## What to do
Copy out the data below as written; omit any images.

## Data
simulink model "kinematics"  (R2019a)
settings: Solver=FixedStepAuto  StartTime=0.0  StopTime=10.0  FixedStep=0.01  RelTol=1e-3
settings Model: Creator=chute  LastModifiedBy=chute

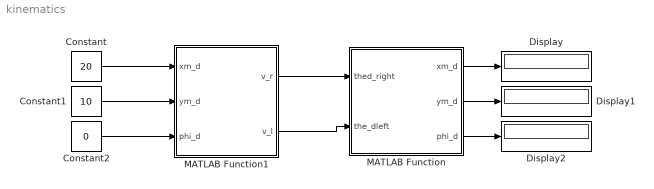
== system kinematics ==
  Constant : Constant  Value=20
  Constant1 : Constant  Value=10
  Constant2 : Constant  Value=0
  Display : Display
  Display1 : Display
  Display2 : Display
  MATLAB Function : MATLAB Function  TreatAsAtomicUnit=on
  MATLAB Function1 : MATLAB Function  TreatAsAtomicUnit=on
  wires:
  MATLAB Function1/1(v_r) -> MATLAB Function/1(thed_right)
  MATLAB Function1/2(v_l) -> MATLAB Function/2(the_dleft)
  Constant/1 -> MATLAB Function1/1(xm_d)
  Constant1/1 -> MATLAB Function1/2(ym_d)
  MATLAB Function/1(xm_d) -> Display/1
  MATLAB Function/2(ym_d) -> Display1/1
  Constant2/1 -> MATLAB Function1/3(phi_d)
  MATLAB Function/3(phi_d) -> Display2/1

== matlab function kinematics/MATLAB Function1 ==
  data: xm_d input; v_r output; v_l output; ym_d input; phi_d input
function [v_r,v_l] = inverse(xm_d,ym_d,phi_d)
W=4;% body
R=5; % Wheel radius
the_d=1/2*()
c1=xm_d/R*
J_t= [cos(phi), sin(phi),W/2;
      [cos(phi), sin(phi)-W/2];
out1 =J_t.*[xm_d;ym_d;phi_d];
v_r=out1(1,1);
v_l=out1(2,1);
end

== matlab function kinematics/MATLAB Function ==
  data: thed_right input; xm_d output; the_dleft input; ym_d output; phi_d output
function [xm_d,ym_d,phi_d] = fcn(thed_right,the_dleft)
W=4;
R =5; % Wheel radius
% right = [R*cos(phi)*the_dot+W*sin(phi)/2;
%        R*sin(phi)*the_dot-W*cos(phi)/2;
%        R];
% % left wheel
% left =[R*cos(phi)*the_dot+W*sin(phi)*phi_dot/2;
%        R*sin(phi)*the_dot-W*cos(phi)*phi_dot/2;
%        R];
 % center
phi=0;
J=[R*cos(phi)/2,R*cos(phi)/2;
    R*sin(phi)/2,R*sin(phi)/2;
    R/W,-R/W];
P_m=J*[thed_right;the_dleft];
xm_d=P_m(1,1);
ym_d=P_m(2,1);
phi_d=P_m(3,1);

## Reply to the exercise
simulink model "kinematics"  (R2019a)
settings: Solver=FixedStepAuto  StartTime=0.0  StopTime=10.0  FixedStep=0.01  RelTol=1e-3
settings Model: Creator=chute  LastModifiedBy=chute

== system kinematics ==
  Constant : Constant  Value=20
  Constant1 : Constant  Value=10
  Constant2 : Constant  Value=0
  Display : Display
  Display1 : Display
  Display2 : Display
  MATLAB Function : MATLAB Function  TreatAsAtomicUnit=on
  MATLAB Function1 : MATLAB Function  TreatAsAtomicUnit=on
  wires:
  MATLAB Function1/1(v_r) -> MATLAB Function/1(thed_right)
  MATLAB Function1/2(v_l) -> MATLAB Function/2(the_dleft)
  Constant/1 -> MATLAB Function1/1(xm_d)
  Constant1/1 -> MATLAB Function1/2(ym_d)
  MATLAB Function/1(xm_d) -> Display/1
  MATLAB Function/2(ym_d) -> Display1/1
  Constant2/1 -> MATLAB Function1/3(phi_d)
  MATLAB Function/3(phi_d) -> Display2/1

== matlab function kinematics/MATLAB Function1 ==
  data: xm_d input; v_r output; v_l output; ym_d input; phi_d input
function [v_r,v_l] = inverse(xm_d,ym_d,phi_d)
W=4;% body
R=5; % Wheel radius
the_d=1/2*()
c1=xm_d/R*
J_t= [cos(phi), sin(phi),W/2;
      [cos(phi), sin(phi)-W/2];
out1 =J_t.*[xm_d;ym_d;phi_d];
v_r=out1(1,1);
v_l=out1(2,1);
end

== matlab function kinematics/MATLAB Function ==
  data: thed_right input; xm_d output; the_dleft input; ym_d output; phi_d output
function [xm_d,ym_d,phi_d] = fcn(thed_right,the_dleft)
W=4;
R =5; % Wheel radius
% right = [R*cos(phi)*the_dot+W*sin(phi)/2;
%        R*sin(phi)*the_dot-W*cos(phi)/2;
%        R];
% % left wheel
% left =[R*cos(phi)*the_dot+W*sin(phi)*phi_dot/2;
%        R*sin(phi)*the_dot-W*cos(phi)*phi_dot/2;
%        R];
 % center
phi=0;
J=[R*cos(phi)/2,R*cos(phi)/2;
    R*sin(phi)/2,R*sin(phi)/2;
    R/W,-R/W];
P_m=J*[thed_right;the_dleft];
xm_d=P_m(1,1);
ym_d=P_m(2,1);
phi_d=P_m(3,1);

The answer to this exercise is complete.